Task requirements ▸
Check every line of the data below for the string "SimSun", and copy the ones that hold it.

(Stored data)
^^^^^^^^^^^^^^^^

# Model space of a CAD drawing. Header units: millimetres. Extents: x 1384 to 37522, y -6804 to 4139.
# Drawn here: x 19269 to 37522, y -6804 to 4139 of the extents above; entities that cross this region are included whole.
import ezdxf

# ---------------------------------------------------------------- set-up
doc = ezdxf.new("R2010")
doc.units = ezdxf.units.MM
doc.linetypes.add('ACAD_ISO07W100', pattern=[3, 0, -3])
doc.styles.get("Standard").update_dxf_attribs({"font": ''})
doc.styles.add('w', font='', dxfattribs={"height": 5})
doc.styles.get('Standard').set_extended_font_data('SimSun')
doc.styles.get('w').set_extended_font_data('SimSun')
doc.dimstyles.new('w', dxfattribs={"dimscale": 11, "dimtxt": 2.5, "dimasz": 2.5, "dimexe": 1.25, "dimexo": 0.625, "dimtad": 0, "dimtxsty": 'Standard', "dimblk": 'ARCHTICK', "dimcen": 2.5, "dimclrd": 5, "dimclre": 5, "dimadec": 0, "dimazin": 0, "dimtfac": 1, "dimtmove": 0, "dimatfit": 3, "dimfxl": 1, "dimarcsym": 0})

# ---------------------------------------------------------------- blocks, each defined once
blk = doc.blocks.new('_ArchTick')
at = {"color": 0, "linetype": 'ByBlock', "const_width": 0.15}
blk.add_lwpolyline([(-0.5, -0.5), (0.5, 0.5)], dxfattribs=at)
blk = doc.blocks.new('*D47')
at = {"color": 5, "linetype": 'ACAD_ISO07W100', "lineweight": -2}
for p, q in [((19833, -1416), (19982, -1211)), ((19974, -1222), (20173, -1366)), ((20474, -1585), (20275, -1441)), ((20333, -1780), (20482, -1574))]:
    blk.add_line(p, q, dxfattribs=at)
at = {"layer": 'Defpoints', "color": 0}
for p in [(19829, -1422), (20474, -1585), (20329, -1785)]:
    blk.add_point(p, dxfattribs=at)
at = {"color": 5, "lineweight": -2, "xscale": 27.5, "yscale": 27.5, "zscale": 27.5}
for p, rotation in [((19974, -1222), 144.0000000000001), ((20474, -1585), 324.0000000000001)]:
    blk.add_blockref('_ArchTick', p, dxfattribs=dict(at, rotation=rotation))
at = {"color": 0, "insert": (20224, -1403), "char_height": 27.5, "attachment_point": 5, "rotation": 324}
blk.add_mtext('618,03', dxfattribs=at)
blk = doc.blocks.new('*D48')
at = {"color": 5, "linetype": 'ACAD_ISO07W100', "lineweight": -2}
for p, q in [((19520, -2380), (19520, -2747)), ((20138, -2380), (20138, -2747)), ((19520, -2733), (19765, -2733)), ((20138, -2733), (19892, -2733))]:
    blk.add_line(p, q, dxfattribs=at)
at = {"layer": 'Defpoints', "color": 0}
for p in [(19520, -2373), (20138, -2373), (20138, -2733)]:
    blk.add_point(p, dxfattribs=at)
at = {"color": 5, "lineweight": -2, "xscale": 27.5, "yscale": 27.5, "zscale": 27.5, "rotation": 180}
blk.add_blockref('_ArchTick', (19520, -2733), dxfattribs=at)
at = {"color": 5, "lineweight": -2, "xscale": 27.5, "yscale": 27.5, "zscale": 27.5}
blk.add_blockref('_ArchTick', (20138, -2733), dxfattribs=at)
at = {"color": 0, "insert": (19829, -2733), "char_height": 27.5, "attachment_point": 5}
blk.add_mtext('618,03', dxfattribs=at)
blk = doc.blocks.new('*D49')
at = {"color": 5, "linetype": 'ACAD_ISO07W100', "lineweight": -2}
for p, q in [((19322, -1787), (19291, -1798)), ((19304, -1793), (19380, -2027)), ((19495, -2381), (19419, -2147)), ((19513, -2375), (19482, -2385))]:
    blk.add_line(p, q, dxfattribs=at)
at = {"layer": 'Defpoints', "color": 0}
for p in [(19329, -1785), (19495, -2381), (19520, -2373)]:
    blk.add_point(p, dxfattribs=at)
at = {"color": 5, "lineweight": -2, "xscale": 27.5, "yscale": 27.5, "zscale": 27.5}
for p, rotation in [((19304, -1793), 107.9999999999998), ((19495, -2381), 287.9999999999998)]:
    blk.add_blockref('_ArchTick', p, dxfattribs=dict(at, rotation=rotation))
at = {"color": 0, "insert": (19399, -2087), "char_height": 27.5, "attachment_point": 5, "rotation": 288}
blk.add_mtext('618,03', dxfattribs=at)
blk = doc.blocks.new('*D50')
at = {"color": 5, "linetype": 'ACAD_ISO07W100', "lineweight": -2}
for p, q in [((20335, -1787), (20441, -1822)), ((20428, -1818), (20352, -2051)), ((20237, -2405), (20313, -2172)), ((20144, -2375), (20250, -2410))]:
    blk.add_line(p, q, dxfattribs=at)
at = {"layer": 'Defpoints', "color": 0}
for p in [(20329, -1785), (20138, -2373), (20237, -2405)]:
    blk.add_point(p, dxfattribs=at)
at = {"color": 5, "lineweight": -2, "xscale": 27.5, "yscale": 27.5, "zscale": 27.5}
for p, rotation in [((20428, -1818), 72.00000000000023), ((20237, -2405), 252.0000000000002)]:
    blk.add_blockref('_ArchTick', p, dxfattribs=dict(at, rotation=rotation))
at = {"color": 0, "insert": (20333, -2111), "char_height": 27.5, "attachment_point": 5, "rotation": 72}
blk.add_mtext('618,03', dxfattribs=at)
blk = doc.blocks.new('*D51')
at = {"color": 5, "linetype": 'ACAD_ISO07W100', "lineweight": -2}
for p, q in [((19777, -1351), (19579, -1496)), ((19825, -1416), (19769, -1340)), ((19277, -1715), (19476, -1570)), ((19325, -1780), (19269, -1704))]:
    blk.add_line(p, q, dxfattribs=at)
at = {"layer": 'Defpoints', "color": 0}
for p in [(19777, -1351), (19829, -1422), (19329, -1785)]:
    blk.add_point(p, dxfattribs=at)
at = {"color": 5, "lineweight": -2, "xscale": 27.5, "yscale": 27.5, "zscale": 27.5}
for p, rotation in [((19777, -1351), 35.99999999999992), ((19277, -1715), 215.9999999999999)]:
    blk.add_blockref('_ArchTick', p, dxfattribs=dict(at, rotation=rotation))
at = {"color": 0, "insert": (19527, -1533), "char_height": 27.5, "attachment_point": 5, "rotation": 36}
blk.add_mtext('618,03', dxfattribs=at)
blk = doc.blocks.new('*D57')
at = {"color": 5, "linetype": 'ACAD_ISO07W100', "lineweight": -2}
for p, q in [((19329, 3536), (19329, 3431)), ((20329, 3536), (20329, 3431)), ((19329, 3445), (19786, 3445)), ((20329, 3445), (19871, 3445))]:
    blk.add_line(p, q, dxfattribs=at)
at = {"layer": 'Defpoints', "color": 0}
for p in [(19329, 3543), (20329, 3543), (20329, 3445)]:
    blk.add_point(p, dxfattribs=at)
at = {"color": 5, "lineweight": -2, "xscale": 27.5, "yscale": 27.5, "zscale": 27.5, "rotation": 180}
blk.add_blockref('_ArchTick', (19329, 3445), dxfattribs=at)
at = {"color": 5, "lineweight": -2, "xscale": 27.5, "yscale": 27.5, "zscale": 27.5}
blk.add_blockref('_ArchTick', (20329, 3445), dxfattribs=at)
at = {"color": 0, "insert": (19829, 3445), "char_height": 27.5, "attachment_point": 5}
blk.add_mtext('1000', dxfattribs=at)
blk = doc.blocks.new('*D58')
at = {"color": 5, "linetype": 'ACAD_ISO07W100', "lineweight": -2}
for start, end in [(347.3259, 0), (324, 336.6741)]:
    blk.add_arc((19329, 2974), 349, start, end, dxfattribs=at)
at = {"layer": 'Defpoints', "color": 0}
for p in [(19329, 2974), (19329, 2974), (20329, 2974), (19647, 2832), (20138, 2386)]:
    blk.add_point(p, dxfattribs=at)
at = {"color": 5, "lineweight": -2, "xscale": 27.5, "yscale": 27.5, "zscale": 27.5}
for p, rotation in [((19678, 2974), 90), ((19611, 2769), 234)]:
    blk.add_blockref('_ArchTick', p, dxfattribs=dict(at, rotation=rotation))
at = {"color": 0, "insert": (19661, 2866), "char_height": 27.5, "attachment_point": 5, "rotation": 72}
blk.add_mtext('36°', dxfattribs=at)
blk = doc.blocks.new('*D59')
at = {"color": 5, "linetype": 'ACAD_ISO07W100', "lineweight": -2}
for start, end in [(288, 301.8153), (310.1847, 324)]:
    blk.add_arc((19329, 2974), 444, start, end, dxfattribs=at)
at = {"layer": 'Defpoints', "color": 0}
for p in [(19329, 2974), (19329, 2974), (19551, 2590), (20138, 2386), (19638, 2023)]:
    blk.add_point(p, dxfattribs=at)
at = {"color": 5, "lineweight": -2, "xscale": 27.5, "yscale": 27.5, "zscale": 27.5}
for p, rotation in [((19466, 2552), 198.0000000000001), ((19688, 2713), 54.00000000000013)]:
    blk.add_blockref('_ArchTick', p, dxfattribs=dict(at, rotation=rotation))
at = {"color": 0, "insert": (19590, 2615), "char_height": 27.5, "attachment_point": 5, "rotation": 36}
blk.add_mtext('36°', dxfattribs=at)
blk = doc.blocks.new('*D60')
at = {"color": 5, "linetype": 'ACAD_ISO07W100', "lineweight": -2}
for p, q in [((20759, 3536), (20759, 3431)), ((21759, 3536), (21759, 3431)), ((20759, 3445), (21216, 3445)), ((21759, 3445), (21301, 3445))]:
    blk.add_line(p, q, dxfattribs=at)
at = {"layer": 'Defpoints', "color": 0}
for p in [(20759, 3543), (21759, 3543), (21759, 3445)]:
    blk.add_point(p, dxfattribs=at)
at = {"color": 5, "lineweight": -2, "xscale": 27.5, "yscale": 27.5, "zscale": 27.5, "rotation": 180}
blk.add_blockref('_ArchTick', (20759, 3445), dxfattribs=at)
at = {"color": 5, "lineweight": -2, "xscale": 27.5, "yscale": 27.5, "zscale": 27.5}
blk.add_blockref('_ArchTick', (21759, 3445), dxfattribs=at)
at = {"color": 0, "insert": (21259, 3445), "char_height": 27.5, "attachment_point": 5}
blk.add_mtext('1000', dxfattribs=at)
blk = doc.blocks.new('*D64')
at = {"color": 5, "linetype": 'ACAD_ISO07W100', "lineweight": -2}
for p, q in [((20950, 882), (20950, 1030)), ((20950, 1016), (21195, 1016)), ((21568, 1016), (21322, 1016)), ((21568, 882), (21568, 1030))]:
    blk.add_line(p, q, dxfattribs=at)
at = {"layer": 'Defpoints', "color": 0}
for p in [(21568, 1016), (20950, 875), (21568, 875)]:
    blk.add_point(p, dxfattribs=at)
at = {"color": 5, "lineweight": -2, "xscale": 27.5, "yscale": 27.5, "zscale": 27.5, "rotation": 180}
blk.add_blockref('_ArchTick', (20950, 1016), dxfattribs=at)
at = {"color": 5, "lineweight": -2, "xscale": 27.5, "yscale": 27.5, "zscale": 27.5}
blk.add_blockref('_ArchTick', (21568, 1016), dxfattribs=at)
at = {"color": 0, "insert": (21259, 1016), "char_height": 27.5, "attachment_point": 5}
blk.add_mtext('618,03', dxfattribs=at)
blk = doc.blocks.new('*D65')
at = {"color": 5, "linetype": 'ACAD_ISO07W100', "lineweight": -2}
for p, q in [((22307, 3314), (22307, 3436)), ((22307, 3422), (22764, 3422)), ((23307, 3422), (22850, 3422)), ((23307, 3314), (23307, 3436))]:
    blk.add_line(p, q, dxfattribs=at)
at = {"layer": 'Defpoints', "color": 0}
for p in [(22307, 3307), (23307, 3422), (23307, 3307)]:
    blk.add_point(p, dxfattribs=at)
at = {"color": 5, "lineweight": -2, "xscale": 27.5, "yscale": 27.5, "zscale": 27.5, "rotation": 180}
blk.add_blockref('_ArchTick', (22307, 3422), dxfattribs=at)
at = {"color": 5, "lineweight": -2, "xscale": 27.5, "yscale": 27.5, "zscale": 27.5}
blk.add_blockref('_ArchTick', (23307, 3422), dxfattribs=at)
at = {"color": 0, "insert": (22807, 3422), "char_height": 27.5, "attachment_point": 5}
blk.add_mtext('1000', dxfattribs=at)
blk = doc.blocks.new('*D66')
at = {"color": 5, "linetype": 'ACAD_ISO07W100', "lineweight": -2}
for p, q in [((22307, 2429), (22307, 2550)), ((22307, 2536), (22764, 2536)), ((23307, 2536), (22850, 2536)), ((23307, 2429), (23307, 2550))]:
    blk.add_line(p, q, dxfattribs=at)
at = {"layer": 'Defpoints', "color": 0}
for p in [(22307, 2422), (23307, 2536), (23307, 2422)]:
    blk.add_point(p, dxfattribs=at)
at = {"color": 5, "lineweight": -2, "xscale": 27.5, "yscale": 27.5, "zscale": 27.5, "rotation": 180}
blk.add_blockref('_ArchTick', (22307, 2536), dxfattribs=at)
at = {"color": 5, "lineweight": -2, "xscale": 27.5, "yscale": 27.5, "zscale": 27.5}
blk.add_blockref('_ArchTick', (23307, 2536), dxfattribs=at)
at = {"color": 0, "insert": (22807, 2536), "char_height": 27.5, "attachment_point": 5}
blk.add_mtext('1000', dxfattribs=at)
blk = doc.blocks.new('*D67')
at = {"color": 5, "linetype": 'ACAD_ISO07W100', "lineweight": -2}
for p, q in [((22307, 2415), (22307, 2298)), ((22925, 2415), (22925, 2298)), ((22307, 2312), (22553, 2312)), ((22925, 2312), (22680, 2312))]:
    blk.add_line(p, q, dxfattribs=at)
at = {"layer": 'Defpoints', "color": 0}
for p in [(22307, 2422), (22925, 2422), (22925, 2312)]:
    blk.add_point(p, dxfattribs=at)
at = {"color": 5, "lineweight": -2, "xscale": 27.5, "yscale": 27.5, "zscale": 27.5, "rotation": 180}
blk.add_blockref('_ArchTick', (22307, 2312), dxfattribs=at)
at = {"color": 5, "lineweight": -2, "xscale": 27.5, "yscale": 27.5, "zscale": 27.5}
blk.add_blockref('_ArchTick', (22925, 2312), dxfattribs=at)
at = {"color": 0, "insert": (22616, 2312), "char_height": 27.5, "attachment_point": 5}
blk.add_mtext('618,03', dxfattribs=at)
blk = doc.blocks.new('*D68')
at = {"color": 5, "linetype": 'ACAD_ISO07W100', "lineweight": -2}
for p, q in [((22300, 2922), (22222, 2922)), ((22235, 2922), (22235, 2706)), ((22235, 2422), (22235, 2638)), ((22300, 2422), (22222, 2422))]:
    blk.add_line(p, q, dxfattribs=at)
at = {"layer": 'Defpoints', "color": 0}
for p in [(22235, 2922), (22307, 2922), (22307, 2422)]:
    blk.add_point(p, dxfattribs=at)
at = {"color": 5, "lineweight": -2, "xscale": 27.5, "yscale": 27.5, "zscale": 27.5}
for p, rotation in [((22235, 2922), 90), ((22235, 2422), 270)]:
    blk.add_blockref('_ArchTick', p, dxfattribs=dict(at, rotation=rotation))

^^^^^^^^^^^^^^^^

Solution for this problem ▸
doc.styles.get('Standard').set_extended_font_data('SimSun')
doc.styles.get('w').set_extended_font_data('SimSun')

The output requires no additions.